そう考えれば、最終的にアニメに登場したゾック辺りのフリーキーなプロポーションは、まだまだあれで、まともな方向性だったこともあり、もはや怪獣や機械獣と呼ぶしかないような、没メカのアッグガイやジュアッグのクリーンナップデザインから垣間見えるのは、富野監督による「一気に、人の形を模すという概念を突き崩してしまえばどうなるか」への実験論であろう。

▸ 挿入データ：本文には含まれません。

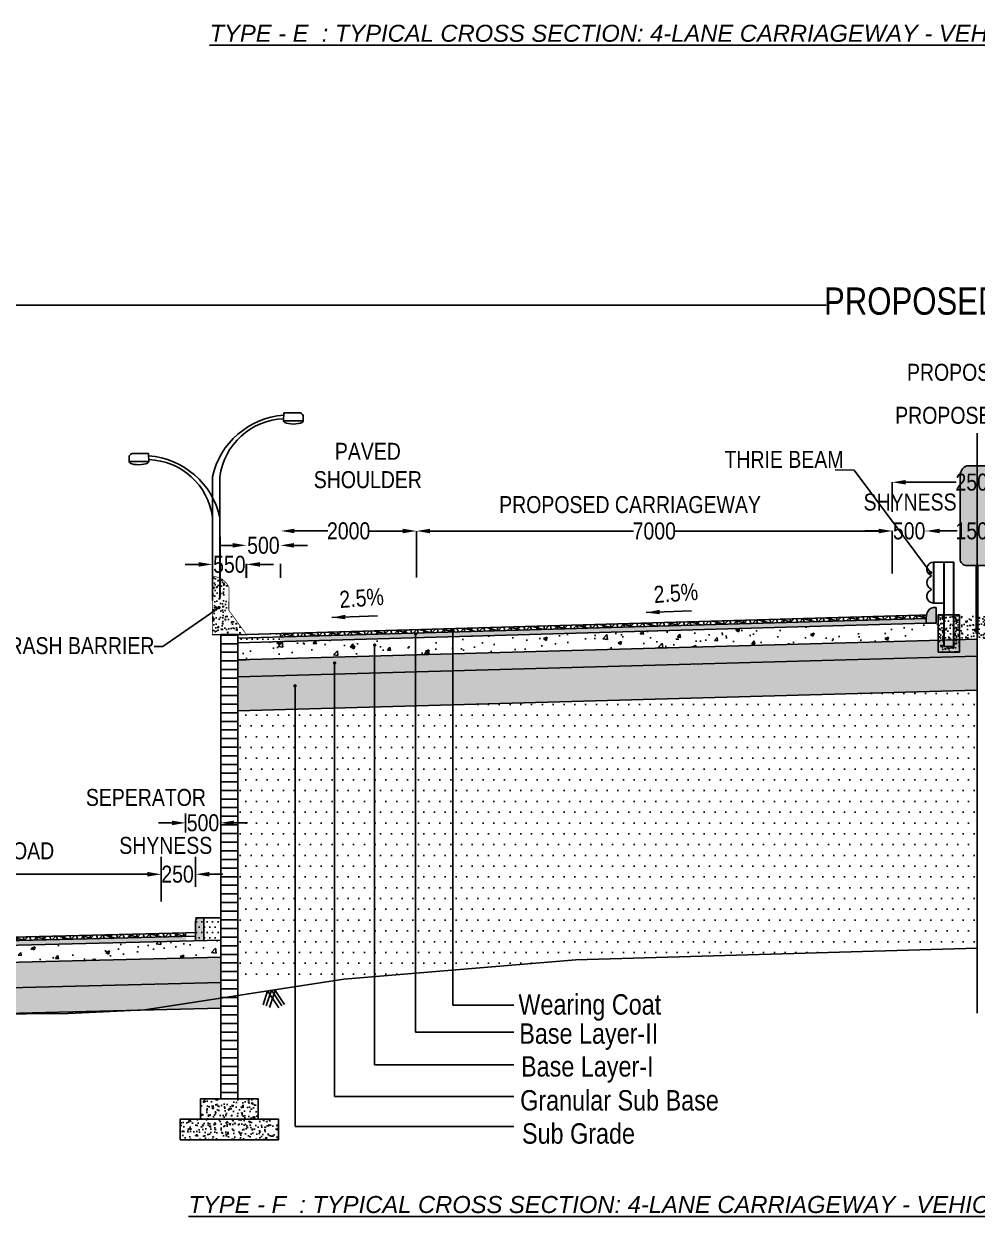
# Model space of a CAD drawing. Header units: millimetres. Extents: x 207528 to 778454, y -364692 to 101323.
# Drawn here: x 395534 to 409559, y -7738 to 9837 of the extents above; entities that cross this region are included whole.
import ezdxf

# ---------------------------------------------------------------- set-up
doc = ezdxf.new("R2010")
doc.units = ezdxf.units.MM
doc.linetypes.add('CENTER2', pattern=[28.575, 19.05, -3.175, 3.175, -3.175])
doc.linetypes.add('DASHED2', pattern=[0.375, 0.25, -0.125])
for name, color, linetype in [('Dim', 253, 'Continuous'), ('Dimension', 253, 'Continuous'), ('hatch', 253, 'Continuous'), ('NGL', 7, 'DASHED2')]:
    doc.layers.add(name, color=color, linetype=linetype)
doc.styles.add('DIM', font='ARIALN.TTF', dxfattribs={"height": 250})
doc.styles.get("Standard").update_dxf_attribs({"font": 'arial.ttf'})
doc.styles.add('STRIP PLAN STYLE', font='ARIALN.TTF')
doc.dimstyles.new('DIM', dxfattribs={"dimtxt": 250, "dimasz": 200, "dimexe": 0.18, "dimexo": 0.0625, "dimgap": 0.09, "dimtad": 0, "dimtih": 1, "dimtoh": 1, "dimdec": 0, "dimzin": 0, "dimdsep": 46, "dimtxsty": 'DIM', "dimcen": 0.09, "dimclrd": 256, "dimclrt": 7, "dimadec": 0, "dimazin": 0, "dimtfac": 1, "dimtdec": 0, "dimtofl": 0, "dimtmove": 0, "dimatfit": 3, "dimfxl": 1, "dimtolj": 1, "dimtzin": 0, "dimarcsym": 0})
doc.dimstyles.new('new', dxfattribs={"dimtxt": 150, "dimasz": 150, "dimexe": 100, "dimexo": 0.1, "dimgap": 0.09, "dimtad": 0, "dimtih": 1, "dimtoh": 1, "dimdec": 0, "dimzin": 0, "dimdsep": 46, "dimtxsty": 'DIM', "dimcen": 0.09, "dimclrd": 256, "dimclrt": 252, "dimadec": 0, "dimazin": 0, "dimtfac": 1, "dimtdec": 0, "dimtofl": 0, "dimtmove": 0, "dimatfit": 3, "dimfxl": 1, "dimtolj": 1, "dimtzin": 0, "dimlwd": -1, "dimarcsym": 0})

# ---------------------------------------------------------------- blocks, each defined once
blk = doc.blocks.new('*D200')
at = {"layer": 'Defpoints', "color": 0, "transparency": 16777216}
for p in [(401309, 2374), (401309, 1688), (408309, 1749)]:
    blk.add_point(p, dxfattribs=at)
at = {"layer": 'Dim', "color": 0, "lineweight": -2, "transparency": 16777216}
for p, q in [((401309, 1688), (401309, 2374)), ((408309, 1749), (408309, 2374))]:
    blk.add_line(p, q, dxfattribs=at)
at = {"layer": 'Dim', "lineweight": -2, "transparency": 16777216}
for p, q in [((401509, 2374), (404504, 2374)), ((408109, 2374), (405114, 2374))]:
    blk.add_line(p, q, dxfattribs=at)
at = {"layer": 'Dim', "transparency": 16777216}
for points in [[(401509, 2407), (401509, 2341), (401309, 2374)], [(408109, 2407), (408109, 2341), (408309, 2374)]]:
    blk.add_solid(points, dxfattribs=at)
at = {"layer": 'Dim', "color": 7, "transparency": 16777216, "insert": (404809, 2374), "char_height": 250, "attachment_point": 5, "style": 'DIM'}
blk.add_mtext('\\A1;7000', dxfattribs=at)
blk = doc.blocks.new('*D201')
at = {"layer": 'Defpoints', "color": 0, "transparency": 16777216}
for p in [(399315, 2375), (399315, 2375), (401309, 2374)]:
    blk.add_point(p, dxfattribs=at)
at = {"layer": 'Dim', "color": 0, "lineweight": -2, "transparency": 16777216}
for p, q in [((399315, 2375), (399315, 2375)), ((401309, 2374), (401309, 2374))]:
    blk.add_line(p, q, dxfattribs=at)
at = {"layer": 'Dim', "lineweight": -2, "transparency": 16777216}
for p, q in [((399515, 2375), (400004, 2375)), ((401109, 2374), (400619, 2374))]:
    blk.add_line(p, q, dxfattribs=at)
at = {"layer": 'Dim', "transparency": 16777216}
for points in [[(399515, 2408), (399515, 2342), (399315, 2375)], [(401109, 2408), (401109, 2341), (401309, 2374)]]:
    blk.add_solid(points, dxfattribs=at)
at = {"layer": 'Dim', "color": 7, "transparency": 16777216, "insert": (400312, 2375), "char_height": 250, "attachment_point": 5, "style": 'DIM'}
blk.add_mtext('\\A1;2000', dxfattribs=at)
blk = doc.blocks.new('*D202')
at = {"layer": 'Defpoints', "color": 0, "transparency": 16777216}
for p in [(398307, 1883), (398307, 1786), (398807, 1786)]:
    blk.add_point(p, dxfattribs=at)
at = {"layer": 'Dim', "lineweight": -2, "transparency": 16777216}
for p, q in [((398107, 1883), (397907, 1883)), ((399007, 1883), (399207, 1883))]:
    blk.add_line(p, q, dxfattribs=at)
at = {"layer": 'Dim', "color": 0, "lineweight": -2, "transparency": 16777216}
for p, q in [((398307, 1882), (398307, 1883)), ((398807, 1882), (398807, 1883))]:
    blk.add_line(p, q, dxfattribs=at)
at = {"layer": 'Dim', "transparency": 16777216}
for points in [[(398107, 1916), (398107, 1850), (398307, 1883)], [(399007, 1916), (399007, 1850), (398807, 1883)]]:
    blk.add_solid(points, dxfattribs=at)
at = {"layer": 'Dim', "color": 7, "transparency": 16777216, "insert": (398557, 1883), "char_height": 250, "attachment_point": 5, "style": 'DIM'}
blk.add_mtext('\\A1;550', dxfattribs=at)
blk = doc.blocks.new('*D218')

後付け設定で「ジャブロー攻略の為に一点強化された特殊なモビルスーツ群」で括られてしまっている、ここでの没メカ達だが、ではそれらと比較して、どれだけアッガイやゾックに汎用性の欠片でもあったのかという疑問は尽きない。

最終的な完成デザインを、殆ど富野ラフのままであるという仮説を押し通して論じてしまえば、明らかに富野監督は、このタイミングでモビルスーツから、人体のバランスを崩し、奇形化させることで、兵器としての運用性をディフォルメしようとさせている。
それは既に、第26話『復活のシャア』での、ゴックの演出にも顕著で、卵型のボディから、ダラリと伸びた長い両手、その先で鋭い爪が牙のように並んだでかい手というバランスを、絵コンテ段階からことさら強調する演出でゴックは描かれている(ここで、ゴックの特性と異形の物感が、デザインではなくコンテと作画で醸し出されていたからこそ、基本、大河原デザインを忠実に立体化するガンプラでは、今一歩ゴックの幽鬼性が再現できず、むしろ『機動戦士ガンダム0080 ポケットの中の戦争』(1989年)で、出渕裕氏の英断によるリファインアレンジ、今ではハイゴッグと呼ばれているように、デザイン段階まで遡る必要性があったのだ)。

そこでの、アッグタイプの富野メモには

これはやりすぎ!
アッグ・タイプは、やややりすぎではありますが、基本的に悪相
巨大単眼
ホバークラフト状の移動力UP
すごくパワーアップしてる感じにする

日本サンライズ『機動戦士ガンダム 記録全集 4』

等とあり、解説も

名称、形状から言っても第30話のアッガイタイプを産み落とすまでの産物と考えてさしつかえないだろう。
注釈の部分に、この時期の敵モビルスーツ設定における富野氏なりの苦しさが現れているようにもとれる。
総じてアッグタイプは地中推進型のモビルスーツであったようである。

日本サンライズ『機動戦士ガンダム 記録全集 4』

現代なら、webで画像検索をかければ、緻密で精巧なガンプラ版が、どれもこれも簡単に見ることが出来るので、画像の用意も立体物による再現(仮想?)も、今回はあえて用意しないが。
アッガイやジュアッグの奇形さは、既にモビルスーツの許容範囲(Suitとして)を逸脱しており、ここは次の本論に譲るが、アッグの「ボディそのものが巨大な頭でしかなく、ドリルとスリッパがそこについただけ」の意匠が、ここで悩み、採用しなかった富野監督をして、とある決断に至らせたのだろう。